# is there a secret that i dont konw about?



## Josh24 (Jun 18, 2011)

i have been too dillion state park 2 times now and i have not seen any rabbits i beet the brush and everything just no little guys. is ther a secret spot that i dont know about or somthing?


----------



## FISNFOOL (May 12, 2009)

If you are hunting alone and without a dog, it is a hard hunt. Rabbits often jump the cover opposite side of the hunter. So without two hunters, you do not see the rabbit. I used to hunt with two other guys and if we jumped a rabbit, someone would get the shot. When my Dad hunted alone, he used a dog to solve the problem. A good dog will circle a rabbit back to you if you stay where you jumped it. 

I have hunted rabbit alone. You need a field with breaks in the cover so you can jump one and still get a shot. Cover to think and you may only see the brush move as the rabbit runs through. Try hunting the edges of a field or wind break lines if on a farm. Hunt just inside the edge so that if you jump a rabbit, it will run to the open area.

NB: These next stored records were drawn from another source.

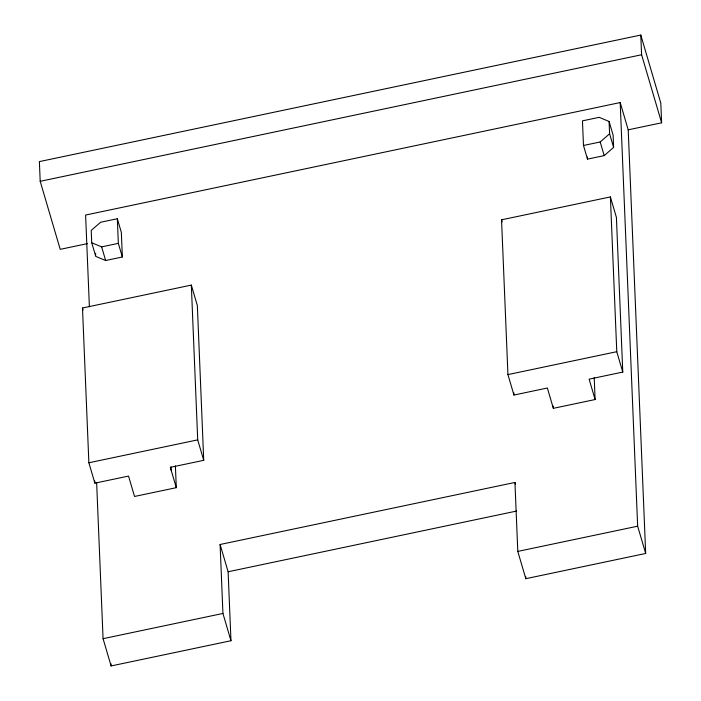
<?xml version="1.0" encoding="UTF-8"?>
<svg xmlns="http://www.w3.org/2000/svg" width="701" height="701" viewBox="0 0 701 701"><rect width="100%" height="100%" fill="white"/><g stroke="black" fill="none" stroke-linecap="round" stroke-linejoin="round"><path stroke-width="1.05" d="M583.477 145.484L600.187 141.97L609.598 133.777L609.09 121.466L599.171 117.339L582.461 120.852L583.477 145.484L587.491 159.118L604.201 155.604L613.612 147.412L613.103 135.1L609.09 121.466M96.633 482.542L103.073 638.681L111.1 665.95L230.962 640.732L222.936 613.454L220.096 544.493L514.946 482.446L517.794 551.407L525.82 578.684L645.682 553.457L628.21 129.825L661.621 122.798L660.806 103.091L640.784 35.05L39.379 161.598L40.194 181.305L60.216 249.346L87.362 243.633M40.194 181.305L641.599 54.757L640.784 35.05M628.21 129.825L620.183 102.556L85.601 215.049L89.386 306.758M117.33 218.73L100.62 222.252L91.209 230.436L91.717 242.756L95.73 256.391L105.649 260.518L122.36 256.995L121.343 232.373L117.33 218.73L118.346 243.361L122.36 256.995M91.717 242.756L101.636 246.875L118.346 243.361M82.49 308.002L191.329 285.097L197.349 305.557L203.728 460.329L170.317 467.357L176.301 487.677L134.531 496.466L128.537 476.075L94.872 483.164L88.869 462.774L82.49 308.002L83.095 310.044M501.548 219.816L610.387 196.92L616.407 217.371L622.768 372.073L589.112 379.162L595.105 399.544L553.343 408.332L547.367 388.012L513.956 395.049L507.936 374.597L501.548 219.816L502.153 221.866M88.869 462.774L197.708 439.869L191.329 285.097M507.936 374.597L616.775 351.692L610.387 196.92M230.962 640.732L228.123 571.762L516.567 511.064M103.073 638.681L222.936 613.454M517.794 551.407L637.656 526.188L620.183 102.556M641.599 54.757L661.621 122.798M609.598 133.777L613.612 147.412M600.187 141.97L604.201 155.604M616.775 351.692L622.768 372.073M637.656 526.188L645.682 553.457M514.946 482.446L515.568 484.549M197.708 439.869L203.728 460.329M220.096 544.493L228.123 571.762M101.636 246.875L105.649 260.518M587.403 156.98L587.491 159.118M594.211 377.743L595.105 399.544M553.255 406.151L553.343 408.332M525.732 576.529L525.82 578.684M513.859 392.867L513.956 395.049M175.399 465.876L176.301 487.677M170.983 466.813L171.123 470.082M95.608 253.315L95.686 255.366M111.012 663.768L111.1 665.95M94.784 480.982L94.872 483.164"/></g></svg>
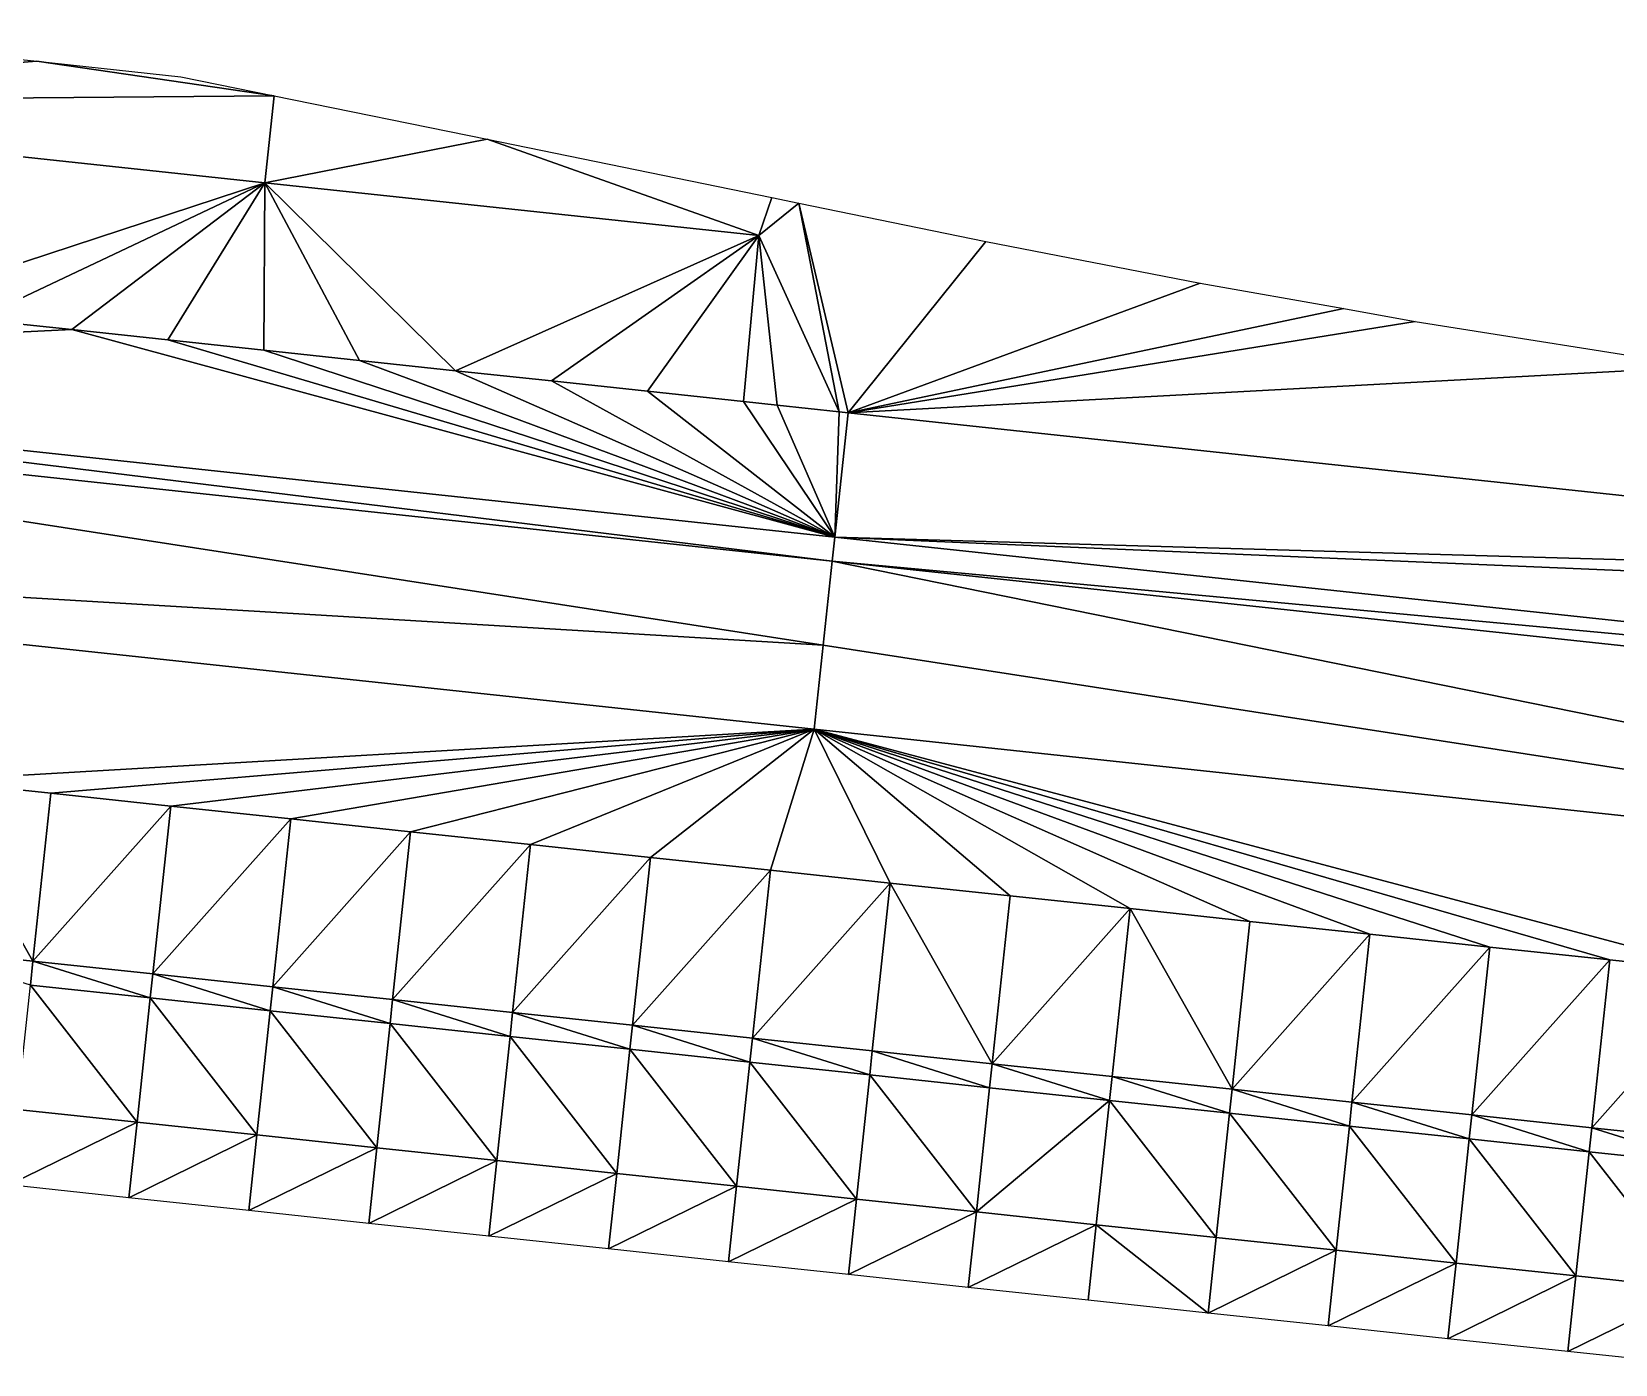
# Model space of a CAD drawing. Header units: millimetres. Extents: x 236046 to 236475, y 140480 to 140633.
# Drawn here: x 236276.7 to 236309.53, y 140526.45 to 140554.08 of the extents above; entities that cross this region are included whole.
import ezdxf

# ---------------------------------------------------------------- set-up
doc = ezdxf.new("R2010")
doc.units = ezdxf.units.MM
doc.layers.add('pas de calque', color=7, linetype='Continuous')

msp = doc.modelspace()

# ---------------------------------------------------------------- linework, layer by layer
at = {"layer": 'pas de calque'}
for points in [[(236265.929, 140552.614, 75.804), (236271.063, 140554.076, 75.764), (236276.804, 140553.462, 75.835), (236265.929, 140552.614, 75.804)], [(236276.804, 140553.462, 75.835), (236281.722, 140552.743, 75.906), (236265.929, 140552.614, 75.804), (236276.804, 140553.462, 75.835)], [(236281.722, 140552.743, 75.906), (236276.804, 140553.462, 75.835), (236279.791, 140553.142, 75.878), (236281.722, 140552.743, 75.906)], [(236281.529, 140550.945, 75.942), (236265.929, 140552.614, 75.804), (236281.722, 140552.743, 75.906), (236281.529, 140550.945, 75.942)], [(236273.554, 140548.324, 75.79), (236265.929, 140552.614, 75.804), (236281.529, 140550.945, 75.942), (236273.554, 140548.324, 75.79)], [(236281.529, 140550.945, 75.942), (236281.722, 140552.743, 75.906), (236286.139, 140551.847, 75.954), (236281.529, 140550.945, 75.942)], [(236286.139, 140551.847, 75.954), (236291.771, 140549.849, 76.033), (236281.529, 140550.945, 75.942), (236286.139, 140551.847, 75.954)], [(236292.046, 140550.641, 76.019), (236291.771, 140549.849, 76.033), (236286.139, 140551.847, 75.954), (236292.046, 140550.641, 76.019)], [(236273.554, 140548.324, 75.79), (236281.529, 140550.945, 75.942), (236275.543, 140548.112, 75.808), (236273.554, 140548.324, 75.79)], [(236275.543, 140548.112, 75.808), (236281.529, 140550.945, 75.942), (236277.531, 140547.899, 75.826), (236275.543, 140548.112, 75.808)], [(236279.52, 140547.686, 75.843), (236277.531, 140547.899, 75.826), (236281.529, 140550.945, 75.942), (236279.52, 140547.686, 75.843)], [(236281.529, 140550.945, 75.942), (236281.509, 140547.473, 75.861), (236279.52, 140547.686, 75.843), (236281.529, 140550.945, 75.942)], [(236281.529, 140550.945, 75.942), (236283.497, 140547.261, 75.879), (236281.509, 140547.473, 75.861), (236281.529, 140550.945, 75.942)], [(236291.771, 140549.849, 76.033), (236285.486, 140547.048, 75.896), (236281.529, 140550.945, 75.942), (236291.771, 140549.849, 76.033)], [(236285.486, 140547.048, 75.896), (236283.497, 140547.261, 75.879), (236281.529, 140550.945, 75.942), (236285.486, 140547.048, 75.896)], [(236292.601, 140550.518, 76.025), (236291.771, 140549.849, 76.033), (236292.046, 140550.641, 76.019), (236292.601, 140550.518, 76.025)], [(236293.44, 140546.197, 75.967), (236291.771, 140549.849, 76.033), (236292.601, 140550.518, 76.025), (236293.44, 140546.197, 75.967)], [(236292.601, 140550.518, 76.025), (236296.479, 140549.728, 76.066), (236293.622, 140546.177, 75.969), (236292.601, 140550.518, 76.025)], [(236293.44, 140546.197, 75.967), (236292.601, 140550.518, 76.025), (236293.622, 140546.177, 75.969), (236293.44, 140546.197, 75.967)], [(236287.474, 140546.835, 75.914), (236285.486, 140547.048, 75.896), (236291.771, 140549.849, 76.033), (236287.474, 140546.835, 75.914)], [(236291.771, 140549.849, 76.033), (236289.463, 140546.622, 75.932), (236287.474, 140546.835, 75.914), (236291.771, 140549.849, 76.033)], [(236289.463, 140546.622, 75.932), (236291.771, 140549.849, 76.033), (236291.452, 140546.41, 75.95), (236289.463, 140546.622, 75.932)], [(236292.154, 140546.335, 75.956), (236291.452, 140546.41, 75.95), (236291.771, 140549.849, 76.033), (236292.154, 140546.335, 75.956)], [(236291.771, 140549.849, 76.033), (236293.44, 140546.197, 75.967), (236292.154, 140546.335, 75.956), (236291.771, 140549.849, 76.033)], [(236296.479, 140549.728, 76.066), (236300.921, 140548.865, 76.114), (236293.622, 140546.177, 75.969), (236296.479, 140549.728, 76.066)], [(236303.901, 140548.334, 76.146), (236293.622, 140546.177, 75.969), (236300.921, 140548.865, 76.114), (236303.901, 140548.334, 76.146)], [(236305.383, 140548.07, 76.16), (236293.622, 140546.177, 75.969), (236303.901, 140548.334, 76.146), (236305.383, 140548.07, 76.16)], [(236260.763, 140547.083, 75.614), (236275.543, 140548.112, 75.808), (236277.531, 140547.899, 75.826), (236260.763, 140547.083, 75.614)], [(236277.531, 140547.899, 75.826), (236293.346, 140543.597, 75.904), (236260.763, 140547.083, 75.614), (236277.531, 140547.899, 75.826)], [(236277.531, 140547.899, 75.826), (236279.52, 140547.686, 75.843), (236293.346, 140543.597, 75.904), (236277.531, 140547.899, 75.826)], [(236311.315, 140547.127, 76.22), (236293.622, 140546.177, 75.969), (236305.383, 140548.07, 76.16), (236311.315, 140547.127, 76.22)], [(236279.52, 140547.686, 75.843), (236281.509, 140547.473, 75.861), (236293.346, 140543.597, 75.904), (236279.52, 140547.686, 75.843)], [(236283.497, 140547.261, 75.879), (236293.346, 140543.597, 75.904), (236281.509, 140547.473, 75.861), (236283.497, 140547.261, 75.879)], [(236285.486, 140547.048, 75.896), (236293.346, 140543.597, 75.904), (236283.497, 140547.261, 75.879), (236285.486, 140547.048, 75.896)], [(236256.232, 140547.065, 75.574), (236293.107, 140541.358, 75.948), (236255.86, 140543.584, 75.662), (236256.232, 140547.065, 75.574)], [(236256.232, 140547.065, 75.574), (236260.763, 140547.083, 75.614), (236293.293, 140543.1, 75.904), (236256.232, 140547.065, 75.574)], [(236256.232, 140547.065, 75.574), (236293.293, 140543.1, 75.904), (236293.107, 140541.358, 75.948), (236256.232, 140547.065, 75.574)], [(236293.293, 140543.1, 75.904), (236260.763, 140547.083, 75.614), (236293.346, 140543.597, 75.904), (236293.293, 140543.1, 75.904)], [(236285.486, 140547.048, 75.896), (236287.474, 140546.835, 75.914), (236293.346, 140543.597, 75.904), (236285.486, 140547.048, 75.896)], [(236326.678, 140542.641, 76.263), (236293.622, 140546.177, 75.969), (236311.315, 140547.127, 76.22), (236326.678, 140542.641, 76.263)], [(236287.474, 140546.835, 75.914), (236289.463, 140546.622, 75.932), (236293.346, 140543.597, 75.904), (236287.474, 140546.835, 75.914)], [(236291.452, 140546.41, 75.95), (236293.346, 140543.597, 75.904), (236289.463, 140546.622, 75.932), (236291.452, 140546.41, 75.95)], [(236291.452, 140546.41, 75.95), (236292.154, 140546.335, 75.956), (236293.346, 140543.597, 75.904), (236291.452, 140546.41, 75.95)], [(236292.154, 140546.335, 75.956), (236293.44, 140546.197, 75.967), (236293.346, 140543.597, 75.904), (236292.154, 140546.335, 75.956)], [(236293.44, 140546.197, 75.967), (236293.622, 140546.177, 75.969), (236293.346, 140543.597, 75.904), (236293.44, 140546.197, 75.967)], [(236326.678, 140542.641, 76.263), (236293.346, 140543.597, 75.904), (236293.622, 140546.177, 75.969), (236326.678, 140542.641, 76.263)], [(236255.86, 140543.584, 75.662), (236292.92, 140539.618, 75.991), (236274.611, 140538.552, 75.678), (236255.86, 140543.584, 75.662)], [(236292.92, 140539.618, 75.991), (236255.86, 140543.584, 75.662), (236293.107, 140541.358, 75.948), (236292.92, 140539.618, 75.991)], [(236293.293, 140543.1, 75.904), (236293.346, 140543.597, 75.904), (236328.973, 140539.786, 76.221), (236293.293, 140543.1, 75.904)], [(236327.06, 140542.166, 76.256), (236293.346, 140543.597, 75.904), (236326.678, 140542.641, 76.263), (236327.06, 140542.166, 76.256)], [(236327.06, 140542.166, 76.256), (236328.973, 140539.786, 76.221), (236293.346, 140543.597, 75.904), (236327.06, 140542.166, 76.256)], [(236329.981, 140535.652, 76.321), (236293.107, 140541.358, 75.948), (236293.293, 140543.1, 75.904), (236329.981, 140535.652, 76.321)], [(236293.293, 140543.1, 75.904), (236333.536, 140538.795, 76.262), (236329.981, 140535.652, 76.321), (236293.293, 140543.1, 75.904)], [(236333.536, 140538.795, 76.262), (236293.293, 140543.1, 75.904), (236328.973, 140539.786, 76.221), (236333.536, 140538.795, 76.262)], [(236293.107, 140541.358, 75.948), (236329.981, 140535.652, 76.321), (236292.92, 140539.618, 75.991), (236293.107, 140541.358, 75.948)], [(236292.92, 140539.618, 75.991), (236277.097, 140538.287, 75.71), (236274.611, 140538.552, 75.678), (236292.92, 140539.618, 75.991)], [(236292.92, 140539.618, 75.991), (236279.583, 140538.021, 75.742), (236277.097, 140538.287, 75.71), (236292.92, 140539.618, 75.991)], [(236279.583, 140538.021, 75.742), (236292.92, 140539.618, 75.991), (236282.068, 140537.755, 75.774), (236279.583, 140538.021, 75.742)], [(236292.92, 140539.618, 75.991), (236284.554, 140537.49, 75.805), (236282.068, 140537.755, 75.774), (236292.92, 140539.618, 75.991)], [(236284.554, 140537.49, 75.805), (236292.92, 140539.618, 75.991), (236287.04, 140537.224, 75.837), (236284.554, 140537.49, 75.805)], [(236287.04, 140537.224, 75.837), (236292.92, 140539.618, 75.991), (236289.526, 140536.958, 75.869), (236287.04, 140537.224, 75.837)], [(236292.012, 140536.693, 75.901), (236289.526, 140536.958, 75.869), (236292.92, 140539.618, 75.991), (236292.012, 140536.693, 75.901)], [(236292.92, 140539.618, 75.991), (236294.498, 140536.427, 75.933), (236292.012, 140536.693, 75.901), (236292.92, 140539.618, 75.991)], [(236294.498, 140536.427, 75.933), (236292.92, 140539.618, 75.991), (236296.984, 140536.161, 75.965), (236294.498, 140536.427, 75.933)], [(236292.92, 140539.618, 75.991), (236299.469, 140535.896, 75.997), (236296.984, 140536.161, 75.965), (236292.92, 140539.618, 75.991)], [(236299.469, 140535.896, 75.997), (236292.92, 140539.618, 75.991), (236301.955, 140535.63, 76.028), (236299.469, 140535.896, 75.997)], [(236292.92, 140539.618, 75.991), (236304.441, 140535.364, 76.06), (236301.955, 140535.63, 76.028), (236292.92, 140539.618, 75.991)], [(236292.92, 140539.618, 75.991), (236306.927, 140535.099, 76.092), (236304.441, 140535.364, 76.06), (236292.92, 140539.618, 75.991)], [(236292.92, 140539.618, 75.991), (236309.413, 140534.833, 76.124), (236306.927, 140535.099, 76.092), (236292.92, 140539.618, 75.991)], [(236309.413, 140534.833, 76.124), (236292.92, 140539.618, 75.991), (236311.899, 140534.567, 76.156), (236309.413, 140534.833, 76.124)], [(236311.899, 140534.567, 76.156), (236292.92, 140539.618, 75.991), (236329.981, 140535.652, 76.321), (236311.899, 140534.567, 76.156)], [(236274.239, 140535.072, 75.765), (236274.611, 140538.552, 75.678), (236276.725, 140534.807, 75.797), (236274.239, 140535.072, 75.765)], [(236274.611, 140538.552, 75.678), (236277.097, 140538.287, 75.71), (236276.725, 140534.807, 75.797), (236274.611, 140538.552, 75.678)], [(236276.725, 140534.807, 75.797), (236277.097, 140538.287, 75.71), (236279.583, 140538.021, 75.742), (236276.725, 140534.807, 75.797)], [(236279.211, 140534.541, 75.829), (236276.725, 140534.807, 75.797), (236279.583, 140538.021, 75.742), (236279.211, 140534.541, 75.829)], [(236282.068, 140537.755, 75.774), (236279.211, 140534.541, 75.829), (236279.583, 140538.021, 75.742), (236282.068, 140537.755, 75.774)], [(236282.068, 140537.755, 75.774), (236281.697, 140534.275, 75.861), (236279.211, 140534.541, 75.829), (236282.068, 140537.755, 75.774)], [(236282.068, 140537.755, 75.774), (236284.554, 140537.49, 75.805), (236281.697, 140534.275, 75.861), (236282.068, 140537.755, 75.774)], [(236281.697, 140534.275, 75.861), (236284.554, 140537.49, 75.805), (236284.182, 140534.01, 75.893), (236281.697, 140534.275, 75.861)], [(236284.554, 140537.49, 75.805), (236287.04, 140537.224, 75.837), (236284.182, 140534.01, 75.893), (236284.554, 140537.49, 75.805)], [(236284.182, 140534.01, 75.893), (236287.04, 140537.224, 75.837), (236286.668, 140533.744, 75.925), (236284.182, 140534.01, 75.893)], [(236287.04, 140537.224, 75.837), (236289.526, 140536.958, 75.869), (236286.668, 140533.744, 75.925), (236287.04, 140537.224, 75.837)], [(236289.154, 140533.478, 75.957), (236286.668, 140533.744, 75.925), (236289.526, 140536.958, 75.869), (236289.154, 140533.478, 75.957)], [(236289.526, 140536.958, 75.869), (236292.012, 140536.693, 75.901), (236289.154, 140533.478, 75.957), (236289.526, 140536.958, 75.869)], [(236292.012, 140536.693, 75.901), (236291.64, 140533.213, 75.988), (236289.154, 140533.478, 75.957), (236292.012, 140536.693, 75.901)], [(236291.64, 140533.213, 75.988), (236292.012, 140536.693, 75.901), (236294.498, 140536.427, 75.933), (236291.64, 140533.213, 75.988)], [(236291.64, 140533.213, 75.988), (236294.498, 140536.427, 75.933), (236294.126, 140532.947, 76.02), (236291.64, 140533.213, 75.988)], [(236296.612, 140532.681, 76.052), (236294.126, 140532.947, 76.02), (236294.498, 140536.427, 75.933), (236296.612, 140532.681, 76.052)], [(236296.984, 140536.161, 75.965), (236296.612, 140532.681, 76.052), (236294.498, 140536.427, 75.933), (236296.984, 140536.161, 75.965)], [(236296.984, 140536.161, 75.965), (236299.469, 140535.896, 75.997), (236296.612, 140532.681, 76.052), (236296.984, 140536.161, 75.965)], [(236296.612, 140532.681, 76.052), (236299.469, 140535.896, 75.997), (236299.097, 140532.416, 76.084), (236296.612, 140532.681, 76.052)], [(236299.469, 140535.896, 75.997), (236301.583, 140532.15, 76.116), (236299.097, 140532.416, 76.084), (236299.469, 140535.896, 75.997)], [(236301.955, 140535.63, 76.028), (236301.583, 140532.15, 76.116), (236299.469, 140535.896, 75.997), (236301.955, 140535.63, 76.028)], [(236304.441, 140535.364, 76.06), (236301.583, 140532.15, 76.116), (236301.955, 140535.63, 76.028), (236304.441, 140535.364, 76.06)], [(236276.725, 140534.807, 75.797), (236276.672, 140534.309, 75.797), (236274.239, 140535.072, 75.765), (236276.725, 140534.807, 75.797)], [(236304.441, 140535.364, 76.06), (236304.069, 140531.884, 76.148), (236301.583, 140532.15, 76.116), (236304.441, 140535.364, 76.06)], [(236304.069, 140531.884, 76.148), (236304.441, 140535.364, 76.06), (236306.927, 140535.099, 76.092), (236304.069, 140531.884, 76.148)], [(236306.927, 140535.099, 76.092), (236306.555, 140531.619, 76.18), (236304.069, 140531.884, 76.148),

If a lot is lightly wooded, I have shot rabbit while hunting squirrel. The brush and berries in such an area feed the rabbits.


----------



## freyedknot (Apr 10, 2004)

then again usually public hunting areas get pretty well wiped out of small game from the armies of hunters that march thru them. never saw many bunnies on public land. find some private with brushpiles and knockdowns and your in heaven.


----------



## dodgeboy75 (Feb 20, 2007)

Also if your hunting alone, you should walk slowly up to a brushpile or briar patch and just stand there for a couple of minutes. If there is something hiding in there, nervousness will get the best of them and they will flush. Act like your stalking not just out there making noise beating the bushes because like one of the previous posts said that rabbits will flush opposite of a lonley hunter. good luck


----------



## BassBlaster (Jun 8, 2006)

Ive tried to hunt public land alone and even with a buddy. Its very difficult. Deer Creek is full of rabbits but they are so used to people coming through there that they almost always jump well before you are in range of a shot. I jump rabbits everytime I go there but rarely get a shot.


----------